**Assignment:** Go through the records and filter out every line lacking the word "mxGraphModel"; copy the lines that remain.

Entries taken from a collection
=-=-=

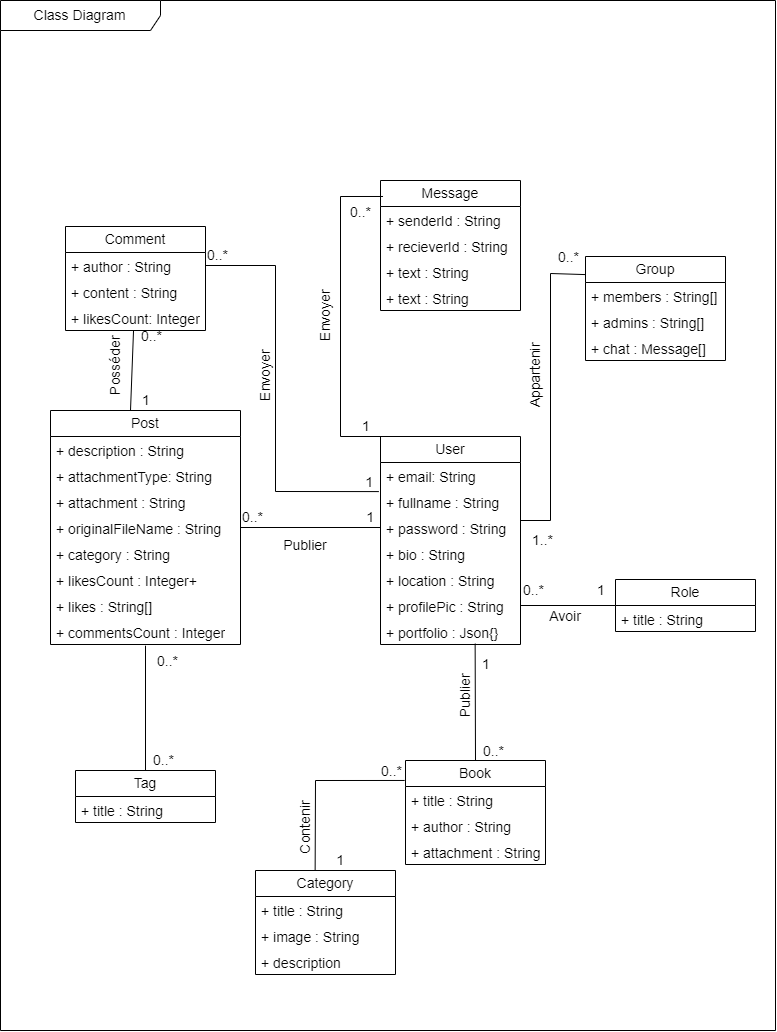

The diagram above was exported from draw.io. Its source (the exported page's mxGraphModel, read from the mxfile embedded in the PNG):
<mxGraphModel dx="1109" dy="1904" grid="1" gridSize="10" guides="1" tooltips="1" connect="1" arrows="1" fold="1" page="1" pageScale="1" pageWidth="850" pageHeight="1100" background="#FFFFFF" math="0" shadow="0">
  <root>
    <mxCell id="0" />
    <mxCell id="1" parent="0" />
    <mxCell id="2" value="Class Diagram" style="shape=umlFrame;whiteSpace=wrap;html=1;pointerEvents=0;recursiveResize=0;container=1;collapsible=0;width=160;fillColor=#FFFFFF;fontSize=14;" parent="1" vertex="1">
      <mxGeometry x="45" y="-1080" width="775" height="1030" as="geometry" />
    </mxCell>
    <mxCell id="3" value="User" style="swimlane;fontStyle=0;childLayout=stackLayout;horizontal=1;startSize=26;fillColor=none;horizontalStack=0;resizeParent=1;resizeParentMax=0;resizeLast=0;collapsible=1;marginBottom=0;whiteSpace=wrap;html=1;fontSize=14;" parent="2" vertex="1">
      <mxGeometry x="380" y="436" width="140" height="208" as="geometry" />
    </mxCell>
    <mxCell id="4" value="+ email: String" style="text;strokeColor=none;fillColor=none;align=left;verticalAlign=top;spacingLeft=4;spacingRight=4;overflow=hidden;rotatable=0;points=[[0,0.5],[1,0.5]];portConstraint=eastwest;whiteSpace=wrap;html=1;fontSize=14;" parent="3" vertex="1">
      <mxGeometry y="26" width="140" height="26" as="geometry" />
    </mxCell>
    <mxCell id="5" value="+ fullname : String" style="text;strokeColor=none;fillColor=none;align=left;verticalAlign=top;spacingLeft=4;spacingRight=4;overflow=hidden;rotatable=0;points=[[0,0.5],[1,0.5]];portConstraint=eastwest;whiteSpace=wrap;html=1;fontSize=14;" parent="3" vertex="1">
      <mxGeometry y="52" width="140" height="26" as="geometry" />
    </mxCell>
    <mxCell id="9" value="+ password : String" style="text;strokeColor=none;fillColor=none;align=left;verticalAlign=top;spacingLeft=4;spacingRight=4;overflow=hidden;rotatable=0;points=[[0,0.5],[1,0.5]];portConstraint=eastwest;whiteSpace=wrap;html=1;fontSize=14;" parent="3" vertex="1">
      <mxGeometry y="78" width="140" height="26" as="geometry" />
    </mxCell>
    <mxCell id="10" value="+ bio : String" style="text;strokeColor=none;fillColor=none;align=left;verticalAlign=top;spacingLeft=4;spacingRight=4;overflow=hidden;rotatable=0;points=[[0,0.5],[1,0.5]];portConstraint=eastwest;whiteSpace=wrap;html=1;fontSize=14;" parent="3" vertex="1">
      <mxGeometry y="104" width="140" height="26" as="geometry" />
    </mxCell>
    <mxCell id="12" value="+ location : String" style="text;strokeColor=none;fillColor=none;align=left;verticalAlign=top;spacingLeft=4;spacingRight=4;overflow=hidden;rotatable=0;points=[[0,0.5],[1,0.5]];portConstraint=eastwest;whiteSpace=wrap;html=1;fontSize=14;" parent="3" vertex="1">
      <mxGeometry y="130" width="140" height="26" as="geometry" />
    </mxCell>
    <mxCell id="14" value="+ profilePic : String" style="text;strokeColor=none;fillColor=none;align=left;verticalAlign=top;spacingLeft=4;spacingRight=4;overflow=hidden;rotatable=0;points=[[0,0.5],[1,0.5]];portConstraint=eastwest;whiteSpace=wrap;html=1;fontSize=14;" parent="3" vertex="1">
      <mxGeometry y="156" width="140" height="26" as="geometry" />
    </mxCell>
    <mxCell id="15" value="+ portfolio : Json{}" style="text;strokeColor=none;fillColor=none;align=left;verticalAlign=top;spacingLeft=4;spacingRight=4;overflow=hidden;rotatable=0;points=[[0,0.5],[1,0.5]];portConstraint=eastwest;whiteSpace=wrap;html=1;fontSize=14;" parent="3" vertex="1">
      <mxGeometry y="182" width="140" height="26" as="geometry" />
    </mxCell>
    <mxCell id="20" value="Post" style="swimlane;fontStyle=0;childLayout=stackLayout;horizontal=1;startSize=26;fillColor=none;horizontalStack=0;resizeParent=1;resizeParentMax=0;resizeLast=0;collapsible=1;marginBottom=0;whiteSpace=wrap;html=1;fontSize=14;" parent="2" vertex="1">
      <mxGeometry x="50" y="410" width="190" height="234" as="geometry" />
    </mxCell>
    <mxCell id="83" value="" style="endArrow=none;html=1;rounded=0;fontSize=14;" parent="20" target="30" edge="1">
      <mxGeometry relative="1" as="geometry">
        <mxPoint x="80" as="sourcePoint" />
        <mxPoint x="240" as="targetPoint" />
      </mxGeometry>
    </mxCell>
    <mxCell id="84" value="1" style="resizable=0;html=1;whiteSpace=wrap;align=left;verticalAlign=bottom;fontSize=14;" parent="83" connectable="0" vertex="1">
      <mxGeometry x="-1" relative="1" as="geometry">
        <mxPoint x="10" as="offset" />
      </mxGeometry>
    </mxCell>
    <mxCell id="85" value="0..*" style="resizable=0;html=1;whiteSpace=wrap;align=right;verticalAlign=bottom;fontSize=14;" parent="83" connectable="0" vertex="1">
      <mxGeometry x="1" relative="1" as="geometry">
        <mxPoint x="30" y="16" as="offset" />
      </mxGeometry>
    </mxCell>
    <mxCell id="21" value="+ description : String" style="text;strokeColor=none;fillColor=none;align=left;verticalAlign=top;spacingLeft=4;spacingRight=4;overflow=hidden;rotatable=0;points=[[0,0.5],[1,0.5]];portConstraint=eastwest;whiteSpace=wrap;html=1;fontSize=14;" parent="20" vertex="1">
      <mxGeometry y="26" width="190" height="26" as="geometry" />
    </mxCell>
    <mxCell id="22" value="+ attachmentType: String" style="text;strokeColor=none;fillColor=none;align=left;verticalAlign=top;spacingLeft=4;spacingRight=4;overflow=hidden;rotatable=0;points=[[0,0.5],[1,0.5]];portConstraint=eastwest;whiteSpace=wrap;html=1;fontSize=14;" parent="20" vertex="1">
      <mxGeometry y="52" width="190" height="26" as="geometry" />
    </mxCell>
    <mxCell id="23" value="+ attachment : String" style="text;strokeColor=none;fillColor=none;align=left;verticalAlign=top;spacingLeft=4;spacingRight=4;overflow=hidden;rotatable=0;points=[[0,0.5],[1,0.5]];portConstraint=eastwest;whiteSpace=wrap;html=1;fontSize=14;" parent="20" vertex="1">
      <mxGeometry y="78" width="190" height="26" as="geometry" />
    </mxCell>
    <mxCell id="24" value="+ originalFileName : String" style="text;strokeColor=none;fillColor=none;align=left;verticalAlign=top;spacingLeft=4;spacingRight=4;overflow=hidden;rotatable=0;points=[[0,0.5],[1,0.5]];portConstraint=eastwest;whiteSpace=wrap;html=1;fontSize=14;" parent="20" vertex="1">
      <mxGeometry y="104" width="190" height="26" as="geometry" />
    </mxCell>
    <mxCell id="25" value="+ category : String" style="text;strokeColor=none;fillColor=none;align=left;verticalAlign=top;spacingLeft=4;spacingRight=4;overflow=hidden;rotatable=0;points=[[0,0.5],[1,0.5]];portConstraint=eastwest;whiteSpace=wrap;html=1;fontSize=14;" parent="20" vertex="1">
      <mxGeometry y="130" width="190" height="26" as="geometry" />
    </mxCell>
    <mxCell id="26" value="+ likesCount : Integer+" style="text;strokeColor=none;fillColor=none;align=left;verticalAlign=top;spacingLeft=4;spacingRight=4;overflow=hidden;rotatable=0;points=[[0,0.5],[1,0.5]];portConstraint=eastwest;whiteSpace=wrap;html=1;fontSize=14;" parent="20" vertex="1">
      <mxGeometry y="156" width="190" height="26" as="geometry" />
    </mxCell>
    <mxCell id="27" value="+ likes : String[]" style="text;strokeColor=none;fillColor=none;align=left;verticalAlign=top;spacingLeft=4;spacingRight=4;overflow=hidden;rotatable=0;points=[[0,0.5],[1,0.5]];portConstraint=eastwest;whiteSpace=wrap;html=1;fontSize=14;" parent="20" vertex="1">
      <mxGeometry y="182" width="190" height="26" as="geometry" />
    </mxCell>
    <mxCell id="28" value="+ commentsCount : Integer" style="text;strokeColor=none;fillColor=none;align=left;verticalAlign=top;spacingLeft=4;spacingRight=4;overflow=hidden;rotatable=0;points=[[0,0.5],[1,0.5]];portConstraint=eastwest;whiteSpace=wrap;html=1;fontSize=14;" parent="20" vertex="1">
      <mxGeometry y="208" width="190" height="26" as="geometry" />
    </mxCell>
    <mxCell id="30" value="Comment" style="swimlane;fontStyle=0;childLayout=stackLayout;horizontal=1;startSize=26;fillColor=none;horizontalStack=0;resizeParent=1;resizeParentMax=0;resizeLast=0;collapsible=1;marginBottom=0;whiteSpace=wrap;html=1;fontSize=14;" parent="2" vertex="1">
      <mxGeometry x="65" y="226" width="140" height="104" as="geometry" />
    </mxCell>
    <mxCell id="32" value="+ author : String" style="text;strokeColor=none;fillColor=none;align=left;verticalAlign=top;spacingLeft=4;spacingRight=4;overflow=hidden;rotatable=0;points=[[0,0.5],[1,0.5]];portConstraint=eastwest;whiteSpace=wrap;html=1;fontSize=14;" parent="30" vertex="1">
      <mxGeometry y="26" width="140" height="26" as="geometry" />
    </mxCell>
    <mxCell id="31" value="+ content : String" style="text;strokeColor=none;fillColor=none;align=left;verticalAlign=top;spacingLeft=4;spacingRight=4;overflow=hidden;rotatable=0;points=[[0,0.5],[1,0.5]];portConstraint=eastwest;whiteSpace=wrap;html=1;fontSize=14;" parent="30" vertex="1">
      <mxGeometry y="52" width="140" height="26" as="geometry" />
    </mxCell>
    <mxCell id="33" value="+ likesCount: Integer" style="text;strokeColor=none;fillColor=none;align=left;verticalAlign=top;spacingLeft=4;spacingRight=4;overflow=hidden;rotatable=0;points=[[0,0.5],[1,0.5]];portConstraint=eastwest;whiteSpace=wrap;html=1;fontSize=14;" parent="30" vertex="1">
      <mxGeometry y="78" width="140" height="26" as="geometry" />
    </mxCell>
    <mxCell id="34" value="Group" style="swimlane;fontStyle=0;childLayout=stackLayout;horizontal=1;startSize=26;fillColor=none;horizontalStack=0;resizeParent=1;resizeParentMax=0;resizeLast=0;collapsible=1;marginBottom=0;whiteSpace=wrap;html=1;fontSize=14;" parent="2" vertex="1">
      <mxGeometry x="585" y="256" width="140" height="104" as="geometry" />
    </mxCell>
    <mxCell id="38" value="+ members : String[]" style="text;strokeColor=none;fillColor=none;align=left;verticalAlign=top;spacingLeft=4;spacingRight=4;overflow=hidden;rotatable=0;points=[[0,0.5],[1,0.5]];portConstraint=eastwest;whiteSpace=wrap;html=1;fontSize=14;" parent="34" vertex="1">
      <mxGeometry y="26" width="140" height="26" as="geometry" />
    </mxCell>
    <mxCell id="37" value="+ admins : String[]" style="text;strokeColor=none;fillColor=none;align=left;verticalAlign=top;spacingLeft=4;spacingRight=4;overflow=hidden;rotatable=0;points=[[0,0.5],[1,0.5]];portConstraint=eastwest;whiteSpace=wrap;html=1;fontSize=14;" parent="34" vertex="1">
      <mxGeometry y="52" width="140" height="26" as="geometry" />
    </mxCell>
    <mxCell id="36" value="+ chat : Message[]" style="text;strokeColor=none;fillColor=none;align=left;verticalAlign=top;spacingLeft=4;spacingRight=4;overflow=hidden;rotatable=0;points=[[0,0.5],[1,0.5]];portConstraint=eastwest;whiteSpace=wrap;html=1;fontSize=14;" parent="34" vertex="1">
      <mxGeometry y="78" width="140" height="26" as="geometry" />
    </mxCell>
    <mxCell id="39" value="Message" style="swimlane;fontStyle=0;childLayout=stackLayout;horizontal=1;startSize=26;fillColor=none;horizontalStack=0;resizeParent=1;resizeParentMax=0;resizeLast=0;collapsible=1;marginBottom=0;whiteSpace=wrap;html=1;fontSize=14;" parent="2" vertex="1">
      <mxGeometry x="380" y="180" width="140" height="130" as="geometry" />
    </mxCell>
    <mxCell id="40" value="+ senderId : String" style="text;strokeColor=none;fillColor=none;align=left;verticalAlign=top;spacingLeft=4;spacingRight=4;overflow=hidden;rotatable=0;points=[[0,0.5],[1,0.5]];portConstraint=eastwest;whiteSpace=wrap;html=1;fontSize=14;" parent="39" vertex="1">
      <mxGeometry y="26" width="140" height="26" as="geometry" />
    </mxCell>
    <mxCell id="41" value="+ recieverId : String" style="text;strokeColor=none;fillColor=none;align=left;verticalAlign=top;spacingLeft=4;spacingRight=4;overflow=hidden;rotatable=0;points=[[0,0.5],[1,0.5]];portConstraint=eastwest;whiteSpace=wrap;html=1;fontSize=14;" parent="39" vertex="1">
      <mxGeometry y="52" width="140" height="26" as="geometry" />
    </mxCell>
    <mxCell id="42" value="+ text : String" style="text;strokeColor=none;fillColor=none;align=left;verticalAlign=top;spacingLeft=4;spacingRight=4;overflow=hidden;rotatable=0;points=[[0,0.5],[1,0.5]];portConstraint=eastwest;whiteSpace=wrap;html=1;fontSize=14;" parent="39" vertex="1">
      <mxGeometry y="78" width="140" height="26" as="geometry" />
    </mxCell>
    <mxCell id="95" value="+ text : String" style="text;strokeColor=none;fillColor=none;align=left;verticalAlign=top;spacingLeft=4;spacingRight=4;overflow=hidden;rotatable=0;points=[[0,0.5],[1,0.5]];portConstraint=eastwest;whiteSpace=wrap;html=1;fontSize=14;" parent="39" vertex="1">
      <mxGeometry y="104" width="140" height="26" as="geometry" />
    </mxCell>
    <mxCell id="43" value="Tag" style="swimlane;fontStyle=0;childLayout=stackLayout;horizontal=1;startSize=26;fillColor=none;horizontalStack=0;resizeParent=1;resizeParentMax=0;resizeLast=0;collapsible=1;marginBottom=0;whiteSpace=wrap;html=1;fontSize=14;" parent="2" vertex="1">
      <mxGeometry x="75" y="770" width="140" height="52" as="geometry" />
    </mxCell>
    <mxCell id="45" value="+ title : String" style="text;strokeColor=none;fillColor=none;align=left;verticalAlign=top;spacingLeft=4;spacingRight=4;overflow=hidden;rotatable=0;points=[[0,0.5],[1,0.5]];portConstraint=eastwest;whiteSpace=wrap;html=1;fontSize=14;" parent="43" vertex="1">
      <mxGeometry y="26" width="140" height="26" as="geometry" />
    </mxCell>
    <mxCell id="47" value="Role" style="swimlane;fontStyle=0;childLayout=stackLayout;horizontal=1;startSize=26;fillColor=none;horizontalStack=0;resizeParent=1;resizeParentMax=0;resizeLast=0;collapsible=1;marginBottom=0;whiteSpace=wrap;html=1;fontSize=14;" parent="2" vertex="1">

=-=-=

**Answer box:**
The diagram above was exported from draw.io. Its source (the exported page's mxGraphModel, read from the mxfile embedded in the PNG):
<mxGraphModel dx="1109" dy="1904" grid="1" gridSize="10" guides="1" tooltips="1" connect="1" arrows="1" fold="1" page="1" pageScale="1" pageWidth="850" pageHeight="1100" background="#FFFFFF" math="0" shadow="0">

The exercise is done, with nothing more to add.